■ **Work required**
Scan the lines below for the word "offset". Copy each line you find it in.

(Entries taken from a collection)
################

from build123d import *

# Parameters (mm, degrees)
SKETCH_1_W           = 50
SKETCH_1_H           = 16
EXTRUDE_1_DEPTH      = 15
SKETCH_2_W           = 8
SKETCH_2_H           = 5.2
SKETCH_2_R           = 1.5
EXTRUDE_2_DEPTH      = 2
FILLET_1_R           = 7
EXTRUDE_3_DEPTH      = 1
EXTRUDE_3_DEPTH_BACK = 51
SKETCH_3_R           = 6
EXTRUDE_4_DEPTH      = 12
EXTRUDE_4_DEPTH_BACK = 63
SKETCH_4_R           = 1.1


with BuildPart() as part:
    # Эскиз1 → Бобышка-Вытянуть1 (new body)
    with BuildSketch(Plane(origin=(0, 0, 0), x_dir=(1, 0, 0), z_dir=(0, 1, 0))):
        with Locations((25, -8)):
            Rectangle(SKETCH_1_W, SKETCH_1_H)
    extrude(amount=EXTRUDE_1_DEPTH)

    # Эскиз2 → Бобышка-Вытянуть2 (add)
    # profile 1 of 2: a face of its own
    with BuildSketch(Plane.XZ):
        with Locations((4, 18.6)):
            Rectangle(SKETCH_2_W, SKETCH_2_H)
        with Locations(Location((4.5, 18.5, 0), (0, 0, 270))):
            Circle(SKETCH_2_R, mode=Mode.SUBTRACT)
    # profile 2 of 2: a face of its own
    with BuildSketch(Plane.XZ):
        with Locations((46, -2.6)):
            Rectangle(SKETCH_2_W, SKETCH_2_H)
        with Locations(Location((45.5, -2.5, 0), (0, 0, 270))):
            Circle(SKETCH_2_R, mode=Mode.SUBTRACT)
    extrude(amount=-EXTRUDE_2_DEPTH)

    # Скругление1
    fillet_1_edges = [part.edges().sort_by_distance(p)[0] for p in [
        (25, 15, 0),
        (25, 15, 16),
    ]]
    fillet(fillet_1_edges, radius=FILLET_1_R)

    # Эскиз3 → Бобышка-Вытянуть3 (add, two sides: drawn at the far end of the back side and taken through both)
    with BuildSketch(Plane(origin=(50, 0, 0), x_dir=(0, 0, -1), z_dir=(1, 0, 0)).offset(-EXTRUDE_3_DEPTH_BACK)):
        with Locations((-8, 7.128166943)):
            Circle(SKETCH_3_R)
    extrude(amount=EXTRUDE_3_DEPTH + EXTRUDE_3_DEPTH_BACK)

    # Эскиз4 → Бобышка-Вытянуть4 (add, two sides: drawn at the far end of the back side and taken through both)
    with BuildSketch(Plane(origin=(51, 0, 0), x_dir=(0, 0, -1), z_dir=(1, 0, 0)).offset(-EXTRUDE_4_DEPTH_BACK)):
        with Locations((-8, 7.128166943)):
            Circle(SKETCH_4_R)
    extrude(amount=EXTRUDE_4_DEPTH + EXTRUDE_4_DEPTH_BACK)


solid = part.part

################

■ **Response to this task**
    with BuildSketch(Plane(origin=(50, 0, 0), x_dir=(0, 0, -1), z_dir=(1, 0, 0)).offset(-EXTRUDE_3_DEPTH_BACK)):
    with BuildSketch(Plane(origin=(51, 0, 0), x_dir=(0, 0, -1), z_dir=(1, 0, 0)).offset(-EXTRUDE_4_DEPTH_BACK)):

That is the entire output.